▶ _Aim of the exercise_
Your answer should contain only the lines from the top of the data below down through the one with "doc.layers.add(name, color=color, linetype=linetype)", transcribed exactly and without pictures; please include nothing more.

▶ _Collected data_

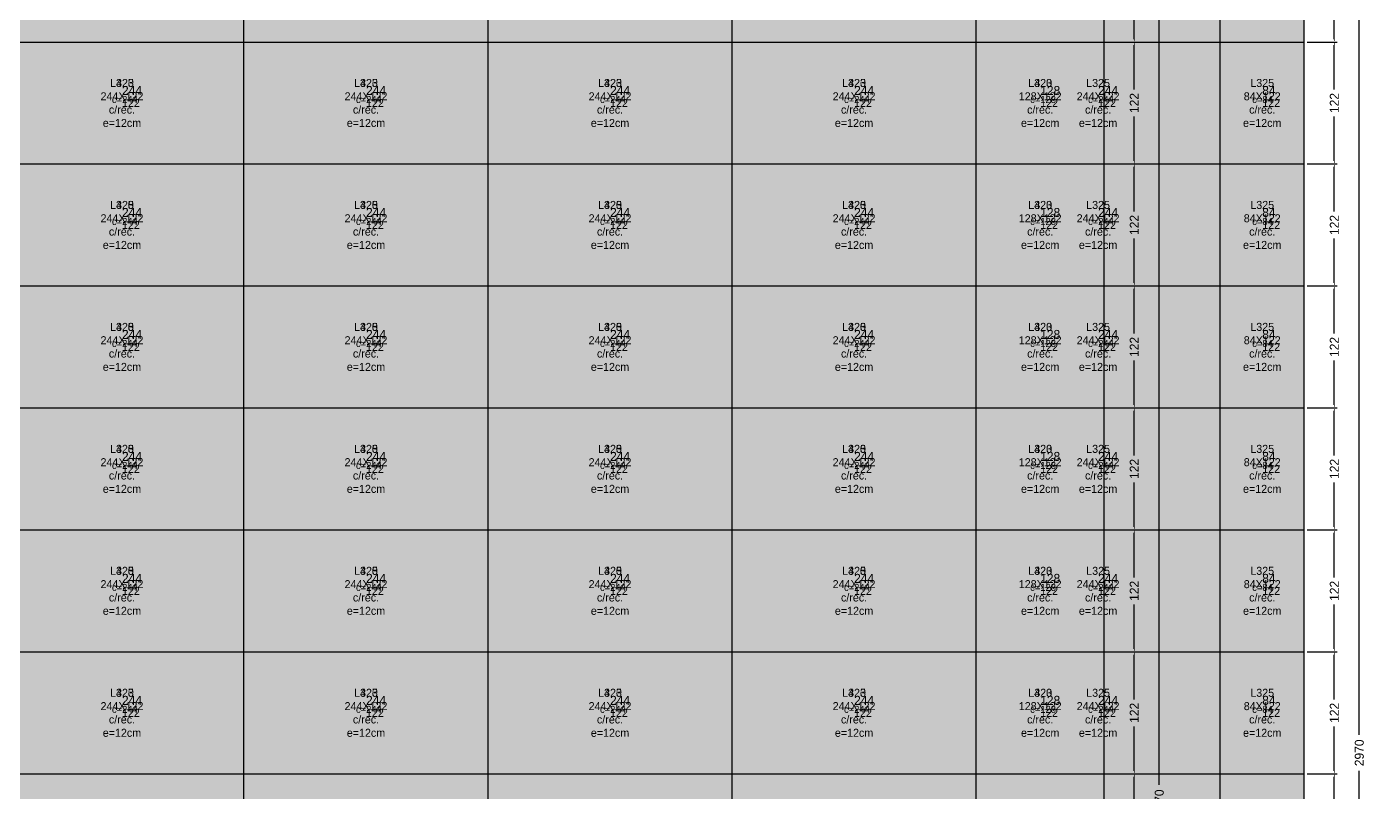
# Model space of a CAD drawing. Extents: x -13000 to 6245, y -61 to 2973.
# Drawn here: x 4907 to 6245, y 1446 to 2211 of the extents above; entities that cross this region are included whole.
import ezdxf

# ---------------------------------------------------------------- set-up
doc = ezdxf.new("R2010")
doc.units = 0
for name, color, linetype in [('3', 3, 'Continuous'), ('4', 4, 'Continuous'), ('AUX00', 7, 'Continuous'), ('Hachura', 251, 'Continuous'), ('Painéis', 200, 'Continuous')]:
    doc.layers.add(name, color=color, linetype=linetype)
doc.dimstyles.new('COTA PAINEL-50', dxfattribs={"dimtxt": 9, "dimasz": 3, "dimexe": 3, "dimexo": 3, "dimgap": 3, "dimtad": 1, "dimdec": 1, "dimcen": 2.5, "dimclrd": 4, "dimclre": 4, "dimclrt": 240, "dimazin": 3, "dimtfac": 1, "dimtmove": 0, "dimatfit": 3})

# ---------------------------------------------------------------- blocks, each defined once
blk = doc.blocks.new('_CLOSEDFILLED')
at = {"color": 0, "linetype": 'BYBLOCK'}
blk.add_solid([(-1, 0.16), (0, 0), (-1, -0.16)], dxfattribs=at)
blk = doc.blocks.new('*D556')
at = {"color": 4}
for p, q in [((5987.2, 1464), (6017.2, 1464)), ((6014.2, 1416.5), (6014.2, 1461)), ((6014.2, 1345), (6014.2, 1389.5)), ((5987.2, 1342), (6017.2, 1342))]:
    blk.add_line(p, q, dxfattribs=at)
at = {"layer": 'Defpoints'}
for p in [(5984.2, 1464), (5984.2, 1342), (6014.2, 1342)]:
    blk.add_point(p, dxfattribs=at)
at = {"layer": 'Painéis', "color": 4, "xscale": 3, "yscale": 3}
for p, rotation in [((6014.2, 1464), 90), ((6014.2, 1342), 270)]:
    blk.add_blockref('_CLOSEDFILLED', p, dxfattribs=dict(at, rotation=rotation))
at = {"layer": 'Painéis', "color": 240, "insert": (6014.2, 1403), "char_height": 9, "attachment_point": 5, "rotation": 90}
blk.add_mtext('122', dxfattribs=at)
blk = doc.blocks.new('*D557')
at = {"color": 4}
for p, q in [((5987.2, 1586), (6017.2, 1586)), ((6014.2, 1538.5), (6014.2, 1583)), ((6014.2, 1467), (6014.2, 1511.5)), ((5987.2, 1464), (6017.2, 1464))]:
    blk.add_line(p, q, dxfattribs=at)
at = {"layer": 'Defpoints'}
for p in [(5984.2, 1586), (5984.2, 1464), (6014.2, 1464)]:
    blk.add_point(p, dxfattribs=at)
at = {"layer": 'Painéis', "color": 4, "xscale": 3, "yscale": 3}
for p, rotation in [((6014.2, 1586), 90), ((6014.2, 1464), 270)]:
    blk.add_blockref('_CLOSEDFILLED', p, dxfattribs=dict(at, rotation=rotation))
at = {"layer": 'Painéis', "color": 240, "insert": (6014.2, 1525), "char_height": 9, "attachment_point": 5, "rotation": 90}
blk.add_mtext('122', dxfattribs=at)
blk = doc.blocks.new('*D558')
at = {"color": 4}
for p, q in [((5987.2, 1708), (6017.2, 1708)), ((6014.2, 1660.5), (6014.2, 1705)), ((6014.2, 1589), (6014.2, 1633.5)), ((5987.2, 1586), (6017.2, 1586))]:
    blk.add_line(p, q, dxfattribs=at)
at = {"layer": 'Defpoints'}
for p in [(5984.2, 1708), (5984.2, 1586), (6014.2, 1586)]:
    blk.add_point(p, dxfattribs=at)
at = {"layer": 'Painéis', "color": 4, "xscale": 3, "yscale": 3}
for p, rotation in [((6014.2, 1708), 90), ((6014.2, 1586), 270)]:
    blk.add_blockref('_CLOSEDFILLED', p, dxfattribs=dict(at, rotation=rotation))
at = {"layer": 'Painéis', "color": 240, "insert": (6014.2, 1647), "char_height": 9, "attachment_point": 5, "rotation": 90}
blk.add_mtext('122', dxfattribs=at)
blk = doc.blocks.new('*D559')
at = {"color": 4}
for p, q in [((5987.2, 1830), (6017.2, 1830)), ((6014.2, 1782.5), (6014.2, 1827)), ((6014.2, 1711), (6014.2, 1755.5)), ((5987.2, 1708), (6017.2, 1708))]:
    blk.add_line(p, q, dxfattribs=at)
at = {"layer": 'Defpoints'}
for p in [(5984.2, 1830), (5984.2, 1708), (6014.2, 1708)]:
    blk.add_point(p, dxfattribs=at)
at = {"layer": 'Painéis', "color": 4, "xscale": 3, "yscale": 3}
for p, rotation in [((6014.2, 1830), 90), ((6014.2, 1708), 270)]:
    blk.add_blockref('_CLOSEDFILLED', p, dxfattribs=dict(at, rotation=rotation))
at = {"layer": 'Painéis', "color": 240, "insert": (6014.2, 1769), "char_height": 9, "attachment_point": 5, "rotation": 90}
blk.add_mtext('122', dxfattribs=at)
blk = doc.blocks.new('*D560')
at = {"color": 4}
for p, q in [((5987.2, 1952), (6017.2, 1952)), ((6014.2, 1904.5), (6014.2, 1949)), ((6014.2, 1833), (6014.2, 1877.5)), ((5987.2, 1830), (6017.2, 1830))]:
    blk.add_line(p, q, dxfattribs=at)
at = {"layer": 'Defpoints'}
for p in [(5984.2, 1952), (5984.2, 1830), (6014.2, 1830)]:
    blk.add_point(p, dxfattribs=at)
at = {"layer": 'Painéis', "color": 4, "xscale": 3, "yscale": 3}
for p, rotation in [((6014.2, 1952), 90), ((6014.2, 1830), 270)]:
    blk.add_blockref('_CLOSEDFILLED', p, dxfattribs=dict(at, rotation=rotation))
at = {"layer": 'Painéis', "color": 240, "insert": (6014.2, 1891), "char_height": 9, "attachment_point": 5, "rotation": 90}
blk.add_mtext('122', dxfattribs=at)
blk = doc.blocks.new('*D561')
at = {"color": 4}
for p, q in [((5987.2, 2074), (6017.2, 2074)), ((6014.2, 2026.5), (6014.2, 2071)), ((6014.2, 1955), (6014.2, 1999.5)), ((5987.2, 1952), (6017.2, 1952))]:
    blk.add_line(p, q, dxfattribs=at)
at = {"layer": 'Defpoints'}
for p in [(5984.2, 2074), (5984.2, 1952), (6014.2, 1952)]:
    blk.add_point(p, dxfattribs=at)
at = {"layer": 'Painéis', "color": 4, "xscale": 3, "yscale": 3}
for p, rotation in [((6014.2, 2074), 90), ((6014.2, 1952), 270)]:
    blk.add_blockref('_CLOSEDFILLED', p, dxfattribs=dict(at, rotation=rotation))
at = {"layer": 'Painéis', "color": 240, "insert": (6014.2, 2013), "char_height": 9, "attachment_point": 5, "rotation": 90}
blk.add_mtext('122', dxfattribs=at)
blk = doc.blocks.new('*D562')
at = {"color": 4}
for p, q in [((5987.2, 2196), (6017.2, 2196)), ((6014.2, 2148.5), (6014.2, 2193)), ((6014.2, 2077), (6014.2, 2121.5)), ((5987.2, 2074), (6017.2, 2074))]:
    blk.add_line(p, q, dxfattribs=at)
at = {"layer": 'Defpoints'}
for p in [(5984.2, 2196), (5984.2, 2074), (6014.2, 2074)]:
    blk.add_point(p, dxfattribs=at)
at = {"layer": 'Painéis', "color": 4, "xscale": 3, "yscale": 3}
for p, rotation in [((6014.2, 2196), 90), ((6014.2, 2074), 270)]:
    blk.add_blockref('_CLOSEDFILLED', p, dxfattribs=dict(at, rotation=rotation))
at = {"layer": 'Painéis', "color": 240, "insert": (6014.2, 2135), "char_height": 9, "attachment_point": 5, "rotation": 90}
blk.add_mtext('122', dxfattribs=at)
blk = doc.blocks.new('*D563')
at = {"color": 4}
for p, q in [((5987.2, 2318), (6017.2, 2318)), ((6014.2, 2270.5), (6014.2, 2315)), ((6014.2, 2199), (6014.2, 2243.5)), ((5987.2, 2196), (6017.2, 2196))]:
    blk.add_line(p, q, dxfattribs=at)
at = {"layer": 'Defpoints'}
for p in [(5984.2, 2318), (5984.2, 2196), (6014.2, 2196)]:
    blk.add_point(p, dxfattribs=at)
at = {"layer": 'Painéis', "color": 4, "xscale": 3, "yscale": 3}
for p, rotation in [((6014.2, 2318), 90), ((6014.2, 2196), 270)]:
    blk.add_blockref('_CLOSEDFILLED', p, dxfattribs=dict(at, rotation=rotation))
at = {"layer": 'Painéis', "color": 240, "insert": (6014.2, 2257), "char_height": 9, "attachment_point": 5, "rotation": 90}
blk.add_mtext('122', dxfattribs=at)
blk = doc.blocks.new('*D569')
at = {"color": 4}
for p, q in [((5987.2, 2870), (6042.2, 2870)), ((6039.2, 1453), (6039.2, 2867)), ((6039.2, 3), (6039.2, 1417)), ((5987.2, 0), (6042.2, 0))]:
    blk.add_line(p, q, dxfattribs=at)
at = {"layer": 'Defpoints'}
for p in [(5984.2, 2870), (5984.2, 0), (6039.2, 0)]:
    blk.add_point(p, dxfattribs=at)
at = {"layer": 'Painéis', "color": 4, "xscale": 3, "yscale": 3}
for p, rotation in [((6039.2, 2870), 90), ((6039.2, 0), 270)]:
    blk.add_blockref('_CLOSEDFILLED', p, dxfattribs=dict(at, rotation=rotation))
at = {"layer": 'Painéis', "color": 240, "insert": (6039.2, 1435), "char_height": 9, "attachment_point": 5, "rotation": 90}
blk.add_mtext('2870', dxfattribs=at)
blk = doc.blocks.new('*D613')
at = {"color": 4}
for p, q in [((6187.2, 1464), (6217.2, 1464)), ((6214.2, 1416.5), (6214.2, 1461)), ((6214.2, 1345), (6214.2, 1389.5)), ((6187.2, 1342), (6217.2, 1342))]:
    blk.add_line(p, q, dxfattribs=at)
at = {"layer": 'Defpoints'}
for p in [(6184.2, 1464), (6184.2, 1342), (6214.2, 1342)]:
    blk.add_point(p, dxfattribs=at)
at = {"layer": 'Painéis', "color": 4, "xscale": 3, "yscale": 3}
for p, rotation in [((6214.2, 1464), 90), ((6214.2, 1342), 270)]:
    blk.add_blockref('_CLOSEDFILLED', p, dxfattribs=dict(at, rotation=rotation))
at = {"layer": 'Painéis', "color": 240, "insert": (6214.2, 1403), "char_height": 9, "attachment_point": 5, "rotation": 90}
blk.add_mtext('122', dxfattribs=at)
blk = doc.blocks.new('*D614')
at = {"color": 4}
for p, q in [((6187.2, 1586), (6217.2, 1586)), ((6214.2, 1538.5), (6214.2, 1583)), ((6214.2, 1467), (6214.2, 1511.5)), ((6187.2, 1464), (6217.2, 1464))]:
    blk.add_line(p, q, dxfattribs=at)
at = {"layer": 'Defpoints'}
for p in [(6184.2, 1586), (6184.2, 1464), (6214.2, 1464)]:
    blk.add_point(p, dxfattribs=at)
at = {"layer": 'Painéis', "color": 4, "xscale": 3, "yscale": 3}
for p, rotation in [((6214.2, 1586), 90), ((6214.2, 1464), 270)]:
    blk.add_blockref('_CLOSEDFILLED', p, dxfattribs=dict(at, rotation=rotation))
at = {"layer": 'Painéis', "color": 240, "insert": (6214.2, 1525), "char_height": 9, "attachment_point": 5, "rotation": 90}
blk.add_mtext('122', dxfattribs=at)
blk = doc.blocks.new('*D615')
at = {"color": 4}
for p, q in [((6187.2, 1708), (6217.2, 1708)), ((6214.2, 1660.5), (6214.2, 1705)), ((6214.2, 1589), (6214.2, 1633.5)), ((6187.2, 1586), (6217.2, 1586))]:
    blk.add_line(p, q, dxfattribs=at)
at = {"layer": 'Defpoints'}
for p in [(6184.2, 1708), (6184.2, 1586), (6214.2, 1586)]:
    blk.add_point(p, dxfattribs=at)
at = {"layer": 'Painéis', "color": 4, "xscale": 3, "yscale": 3}
for p, rotation in [((6214.2, 1708), 90), ((6214.2, 1586), 270)]:
    blk.add_blockref('_CLOSEDFILLED', p, dxfattribs=dict(at, rotation=rotation))
at = {"layer": 'Painéis', "color": 240, "insert": (6214.2, 1647), "char_height": 9, "attachment_point": 5, "rotation": 90}
blk.add_mtext('122', dxfattribs=at)
blk = doc.blocks.new('*D616')
at = {"color": 4}
for p, q in [((6187.2, 1830), (6217.2, 1830)), ((6214.2, 1782.5), (6214.2, 1827)), ((6214.2, 1711), (6214.2, 1755.5)), ((6187.2, 1708), (6217.2, 1708))]:
    blk.add_line(p, q, dxfattribs=at)
at = {"layer": 'Defpoints'}
for p in [(6184.2, 1830), (6184.2, 1708), (6214.2, 1708)]:
    blk.add_point(p, dxfattribs=at)
at = {"layer": 'Painéis', "color": 4, "xscale": 3, "yscale": 3}
for p, rotation in [((6214.2, 1830), 90), ((6214.2, 1708), 270)]:
    blk.add_blockref('_CLOSEDFILLED', p, dxfattribs=dict(at, rotation=rotation))
at = {"layer": 'Painéis', "color": 240, "insert": (6214.2, 1769), "char_height": 9, "attachment_point": 5, "rotation": 90}
blk.add_mtext('122', dxfattribs=at)
blk = doc.blocks.new('*D617')
at = {"color": 4}
for p, q in [((6187.2, 1952), (6217.2, 1952)), ((6214.2, 1904.5), (6214.2, 1949)), ((6214.2, 1833), (6214.2, 1877.5)), ((6187.2, 1830), (6217.2, 1830))]:
    blk.add_line(p, q, dxfattribs=at)
at = {"layer": 'Defpoints'}
for p in [(6184.2, 1952), (6184.2, 1830), (6214.2, 1830)]:
    blk.add_point(p, dxfattribs=at)
at = {"layer": 'Painéis', "color": 4, "xscale": 3, "yscale": 3}
for p, rotation in [((6214.2, 1952), 90), ((6214.2, 1830), 270)]:
    blk.add_blockref('_CLOSEDFILLED', p, dxfattribs=dict(at, rotation=rotation))
at = {"layer": 'Painéis', "color": 240, "insert": (6214.2, 1891), "char_height": 9, "attachment_point": 5, "rotation": 90}
blk.add_mtext('122', dxfattribs=at)
blk = doc.blocks.new('*D618')
at = {"color": 4}
for p, q in [((6187.2, 2074), (6217.2, 2074)), ((6214.2, 2026.5), (6214.2, 2071)), ((6214.2, 1955), (6214.2, 1999.5)), ((6187.2, 1952), (6217.2, 1952))]:
    blk.add_line(p, q, dxfattribs=at)
at = {"layer": 'Defpoints'}
for p in [(6184.2, 2074), (6184.2, 1952), (6214.2, 1952)]:
    blk.add_point(p, dxfattribs=at)
at = {"layer": 'Painéis', "color": 4, "xscale": 3, "yscale": 3}
for p, rotation in [((6214.2, 2074), 90), ((6214.2, 1952), 270)]:
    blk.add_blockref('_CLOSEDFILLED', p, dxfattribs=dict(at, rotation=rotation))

▶ _Result_
# Model space of a CAD drawing. Extents: x -13000 to 6245, y -61 to 2973.
# Drawn here: x 4907 to 6245, y 1446 to 2211 of the extents above; entities that cross this region are included whole.
import ezdxf

# ---------------------------------------------------------------- set-up
doc = ezdxf.new("R2010")
doc.units = 0
for name, color, linetype in [('3', 3, 'Continuous'), ('4', 4, 'Continuous'), ('AUX00', 7, 'Continuous'), ('Hachura', 251, 'Continuous'), ('Painéis', 200, 'Continuous')]:
    doc.layers.add(name, color=color, linetype=linetype)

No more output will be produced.